Among the records below, find the line that has "if(abs(x) > xmax)"; from there, give the lines again exactly, and stop after the line that has "partire da 0)".
Supplied data section start
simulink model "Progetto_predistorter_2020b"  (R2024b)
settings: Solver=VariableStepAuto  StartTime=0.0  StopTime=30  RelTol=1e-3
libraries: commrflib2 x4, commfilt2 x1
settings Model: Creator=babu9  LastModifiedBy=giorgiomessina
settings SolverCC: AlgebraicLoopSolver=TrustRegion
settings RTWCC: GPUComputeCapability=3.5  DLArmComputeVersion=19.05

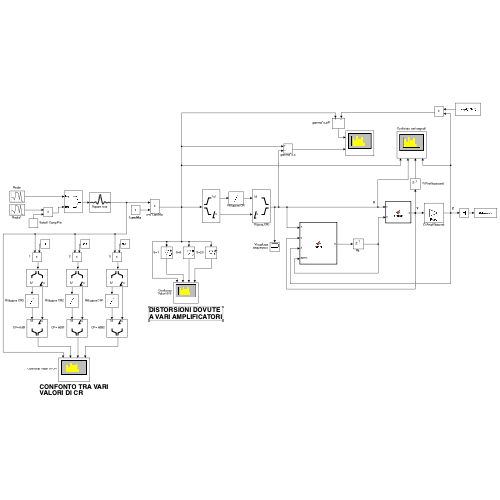
[thumbnail: Simulink's stored preview of the top-level diagram]
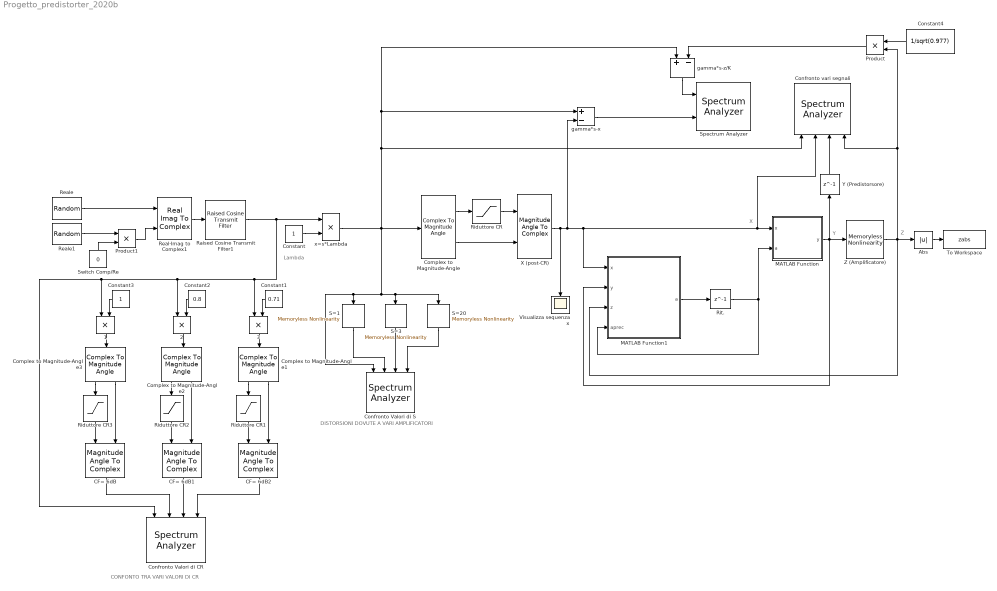
== system Progetto_predistorter_2020b ==
  note: DISTORSIONI DOVUTE
      | A VARI AMPLIFICATORI
  note: X
  note: Z
  note: Y
  note: Lambda
  note: CONFONTO TRA VARI
      | VALORI DI CR
  " X (post-CR)" : MagnitudeAngleToComplex
  1 : Product
  2 : Product
  3 : Product
  Abs : Abs  SaturateOnIntegerOverflow=off
  CF= 6dB : MagnitudeAngleToComplex
  CF= 6dB1 : MagnitudeAngleToComplex
  CF= 6dB2 : MagnitudeAngleToComplex
  Complex to Magnitude-Angle{,1..3} (4 alike) : ComplexToMagnitudeAngle
  Confronto Valori di S : SpectrumAnalyzer  NumInputPorts=4  WindowPosition=[320.000000,200.000000,800.000000,500.000000,]  ScopeFrameLocation=window  AveragingMethod=Exponential  YLimits=[-123.86285109,20.50800474]  ShowLegend=on  ChannelNames="[\"\"]"  AllowFFTLengthLessThanSamplesPerUpdate=on  DefaultConfigurationName=spbscopes.SpectrumAnalyzerBlockCfg
      settings: OpenAtSimulationStart=off
  Confronto Valori di CR : SpectrumAnalyzer  NumInputPorts=4  WindowPosition=[320.000000,200.000000,800.000000,500.000000,]  ScopeFrameLocation=window  AveragingMethod=Exponential  YLimits=[-123.86285109,20.50800474]  ShowLegend=on  ChannelNames="[\"\"]"  AllowFFTLengthLessThanSamplesPerUpdate=on  DefaultConfigurationName=spbscopes.SpectrumAnalyzerBlockCfg
      settings: OpenAtSimulationStart=off
  Confronto vari segnali : SpectrumAnalyzer  NumInputPorts=4  WindowPosition=[320.000000,200.000000,800.000000,500.000000,]  ScopeFrameLocation=window  AveragingMethod=Exponential  YLimits=[-128.13154737,58.92627127]  ShowLegend=on  ChannelNames="[\"\"]"  AllowFFTLengthLessThanSamplesPerUpdate=on  DefaultConfigurationName=spbscopes.SpectrumAnalyzerBlockCfg
      settings: OpenAtSimulationStart=off
  Constant : Constant
  Constant1 : Constant  Value=0.71
  Constant2 : Constant  Value=0.8
  Constant3 : Constant
  Constant4 : Constant  Value=1/sqrt(0.977)
  MATLAB Function : MATLAB Function  TreatAsAtomicUnit=on
  MATLAB Function1 : MATLAB Function  TreatAsAtomicUnit=on
  Product : Product
  Product1 : Product
  Raised Cosine Transmit Filter1 : commfilt2/Raised Cosine Transmit Filter  filtType=Square root  R=0.25  filtSpan=100  N=8  filterGain=1  RateOptions=Allow multirate processing  framing=Mute  checkCoeff=off  variableName=TransmitFilter1  checkGain=Normalized  sampMode=Mute  saveAsFlag=0  currentFiltSpan=10  D=(10)/2  launchFVT=on  roundingMode=Floor  overflowMode=off  coeffDataTypeStr=Inherit: Same word length as input  coeffMin=[]  coeffMax=[]  coeffLastDataTypeStr=Inherit: Same word length as input  outputDataTypeStr=Inherit: Same as accumulator  outputMin=[]  outputMax=[]  outputLastDataTypeStr=Inherit: Same as accumulator
  Real-Imag to Complex1 : RealImagToComplex
  Reale : RandomNumber  Variance=2  Seed=3742346792324  SampleTime=0.001
  Reale1 : RandomNumber  Seed=4387648932479  SampleTime=0.001
  Riduttore CR{,1..3} (4 alike) : Saturate  UpperLimit=1  LowerLimit=-1
  Rit. : Delay  DelayLength=1  InitialCondition=ones(51,1)
  S=1 : commrflib2/Memoryless Nonlinearity  Model=modified-rapp  Gain=0  Nonlinearity=IIP3  IIP3=Inf  OIP3=Inf  IP1dB=Inf  OP1dB=Inf  IPsat=Inf  OPsat=Inf  Table=[ -25, 5, -1; -10, 20, -2; 0, 27, 5; 5, 28, 12 ]  MagnitudeGainDB=0  Vsat=1  MagnitudeSmooth=1  PhaseGainRadian=0  PhaseSaturation=1  PhaseSmooth=3.43  InputScaleDB=0  AmAmParameters=[ 2.1587, 1.1517 ]  AmPmParameters=[ 4.0033, 9.1040 ]  OutputScaleDB=0  ReferenceLoad=1  SimulateUsing=Code generation
  S=20 : commrflib2/Memoryless Nonlinearity  Model=modified-rapp  Gain=0  Nonlinearity=IIP3  IIP3=Inf  OIP3=Inf  IP1dB=Inf  OP1dB=Inf  IPsat=Inf  OPsat=Inf  Table=[ -25, 5, -1; -10, 20, -2; 0, 27, 5; 5, 28, 12 ]  MagnitudeGainDB=0  Vsat=1  MagnitudeSmooth=20  PhaseGainRadian=0  PhaseSaturation=1  PhaseSmooth=3.43  InputScaleDB=0  AmAmParameters=[ 2.1587, 1.1517 ]  AmPmParameters=[ 4.0033, 9.1040 ]  OutputScaleDB=0  ReferenceLoad=1  SimulateUsing=Code generation
  S=3 : commrflib2/Memoryless Nonlinearity  Model=modified-rapp  Gain=0  Nonlinearity=IIP3  IIP3=Inf  OIP3=Inf  IP1dB=Inf  OP1dB=Inf  IPsat=Inf  OPsat=Inf  Table=[ -25, 5, -1; -10, 20, -2; 0, 27, 5; 5, 28, 12 ]  MagnitudeGainDB=0  Vsat=1  MagnitudeSmooth=3  PhaseGainRadian=0  PhaseSaturation=1  PhaseSmooth=3.43  InputScaleDB=0  AmAmParameters=[ 2.1587, 1.1517 ]  AmPmParameters=[ 4.0033, 9.1040 ]  OutputScaleDB=0  ReferenceLoad=1  SimulateUsing=Code generation
  Spectrum Analyzer : SpectrumAnalyzer  NumInputPorts=2  WindowPosition=[321.000000,207.000000,800.000000,500.000000,]  ScopeFrameLocation=window  AveragingMethod=Exponential  YLimits=[-53.51673738,7.37726191]  ShowLegend=on  ChannelNames="[\"\"]"  AllowFFTLengthLessThanSamplesPerUpdate=on  DefaultConfigurationName=spbscopes.SpectrumAnalyzerBlockCfg
      settings: OpenAtSimulationStart=off
  Switch Comp/Re : Constant  Value=0
  To Workspace : ToWorkspace  VariableName=zabs  SampleTime=-1
      settings: Save2DSignal=2-D array (concatenate along first dimension)
  Visualizza sequenza x : Scope
  Y (Predistorsore) : Delay  DelayLength=1  InitialCondition=0
  Z (Amplificatore) : commrflib2/Memoryless Nonlinearity  Model=modified-rapp  Gain=0  Nonlinearity=IIP3  IIP3=Inf  OIP3=Inf  IP1dB=Inf  OP1dB=Inf  IPsat=Inf  OPsat=Inf  Table=[ -25, 5, -1; -10, 20, -2; 0, 27, 5; 5, 28, 12 ]  MagnitudeGainDB=0  Vsat=1  MagnitudeSmooth=3  PhaseGainRadian=0  PhaseSaturation=1  PhaseSmooth=3.43  InputScaleDB=0  AmAmParameters=[ 2.1587, 1.1517 ]  AmPmParameters=[ 4.0033, 9.1040 ]  OutputScaleDB=0  ReferenceLoad=1  SimulateUsing=Code generation
  gamma*s-x : Sum  Inputs=+-
  gamma*s-z/K : Sum  Inputs=+-
  x=s*Lambda : Product
  wires:
  Reale/1 -> Real-Imag to Complex1/1
  Constant/1 -> x=s*Lambda/2
  Riduttore CR/1 -> " X (post-CR)"/1
  Complex to Magnitude-Angle/1 -> Riduttore CR/1
  Complex to Magnitude-Angle/2 -> " X (post-CR)"/2
  Z (Amplificatore)/1 -> MATLAB Function1/3(z), Abs/1, Confronto vari segnali/4, Product/2
  MATLAB Function1/1(a) -> Rit./1
  Rit./1 -> MATLAB Function/2(a), MATLAB Function1/4(aprec)
  Reale1/1 -> Product1/1
  Switch Comp/Re/1 -> Product1/2
  Product1/1 -> Real-Imag to Complex1/2
  S=1/1 -> Confronto Valori di S/2
  S=3/1 -> Confronto Valori di S/3
  S=20/1 -> Confronto Valori di S/4
  Abs/1 -> To Workspace/1
  MATLAB Function/1(y) -> Y (Predistorsore)/1, Z (Amplificatore)/1, MATLAB Function1/2(y)
  Y (Predistorsore)/1 -> Confronto vari segnali/3
  x=s*Lambda/1 -> gamma*s-x/1, gamma*s-z/K/1, Confronto vari segnali/1, Complex to Magnitude-Angle/1, Confronto Valori di S/1, S=1/1, S=20/1, S=3/1
  Constant4/1 -> Product/1
  Product/1 -> gamma*s-z/K/2
  gamma*s-z/K/1 -> Spectrum Analyzer/1
  gamma*s-x/1 -> Spectrum Analyzer/2
  Complex to Magnitude-Angle1/2 -> CF= 6dB2/2
  CF= 6dB1/1 -> Confronto Valori di CR/3
  Complex to Magnitude-Angle2/2 -> CF= 6dB1/2
  3/1 -> Complex to Magnitude-Angle1/1
  CF= 6dB2/1 -> Confronto Valori di CR/4
  CF= 6dB/1 -> Confronto Valori di CR/2
  Riduttore CR1/1 -> CF= 6dB2/1
  Complex to Magnitude-Angle3/2 -> CF= 6dB/2
  Riduttore CR2/1 -> CF= 6dB1/1
  Complex to Magnitude-Angle3/1 -> Riduttore CR3/1
  Complex to Magnitude-Angle1/1 -> Riduttore CR1/1
  Complex to Magnitude-Angle2/1 -> Riduttore CR2/1
  Constant1/1 -> 3/2
  1/1 -> Complex to Magnitude-Angle3/1
  2/1 -> Complex to Magnitude-Angle2/1
  Riduttore CR3/1 -> CF= 6dB/1
  Constant3/1 -> 1/2
  Constant2/1 -> 2/2
  Raised Cosine Transmit Filter1/1 -> x=s*Lambda/1, 2/1, 1/1, Confronto Valori di CR/1, 3/1
  Real-Imag to Complex1/1 -> Raised Cosine Transmit Filter1/1
  " X (post-CR)"/1 -> Visualizza sequenza x/1, MATLAB Function/1(x), Confronto vari segnali/2, MATLAB Function1/1(x), gamma*s-x/2

== matlab function Progetto_predistorter_2020b/MATLAB Function1 ==
  data: x input; a output; y input; z input; aprec input
function a=adapt(x,y,z,aprec)
   
    N=16; % detto dal prof: utilizzare pochi intervalli (es. 16 per ottenere 32)
    gamma=0.4;
    xmax=1;
    K=sqrt(0.977);
    delta=abs(xmax)/(2*N) ; % interval's size
    
    if(abs(x) > xmax)
        n=N;
    else
        n  = (abs(x)- (mod(abs(x),delta)) ) / delta; %vettore degli indici di aprec
    end
    
    aprec(n+1)=real(   aprec(n+1)-gamma*(z-K*x)*conj(x*z/y)   );
    a=aprec;

end

% La formula di "n" per abs(x)<=xmax serve ad identificare l'indice (del
% vettore "a" di valori da introdurre nel predistorsore) in cui si colloca
% il valore abs(x), data la sequenza in ingresso x.

% mod(abs(x),delta)
% serve a calcolare il discostamento tra abs(x) e
% l'intervallo più vicino ad esso.

% abs(x) - (mod(abs(x),delta)
% fornisce il primo valore dell'intervallo a cui appartiene abs(x).

% (abs(x) - (mod(abs(x),delta)) / delta
% ricava semplicemente il numero di intervalli da "saltare" (a partire da 0)
% per raggiungere quello identificato precedentemente.

== matlab function Progetto_predistorter_2020b/MATLAB Function ==
  data: x input; y output; a input

function y=predist(x,a)

    N=16;
    xmax=1;
    delta = abs(xmax)/(2*N); % interval's size 

    if(abs(x) >= xmax)
        P=a(N+1);
    else
        n = floor(((abs(x)-(mod(abs(x),delta)))/delta)/2) ;
        P = (abs(x) - (2*n+1)*delta)*(a(n+2)-a(n+1))/(2*delta) + (a(n+2)+a(n+1))/2 ;
    end
    
    y = P*x;
end
Supplied data section end
Reply:
    if(abs(x) > xmax)
        n=N;
    else
        n  = (abs(x)- (mod(abs(x),delta)) ) / delta; %vettore degli indici di aprec
    end
    
    aprec(n+1)=real(   aprec(n+1)-gamma*(z-K*x)*conj(x*z/y)   );
    a=aprec;

end

% La formula di "n" per abs(x)<=xmax serve ad identificare l'indice (del
% vettore "a" di valori da introdurre nel predistorsore) in cui si colloca
% il valore abs(x), data la sequenza in ingresso x.

% mod(abs(x),delta)
% serve a calcolare il discostamento tra abs(x) e
% l'intervallo più vicino ad esso.

% abs(x) - (mod(abs(x),delta)
% fornisce il primo valore dell'intervallo a cui appartiene abs(x).

% (abs(x) - (mod(abs(x),delta)) / delta
% ricava semplicemente il numero di intervalli da "saltare" (a partire da 0)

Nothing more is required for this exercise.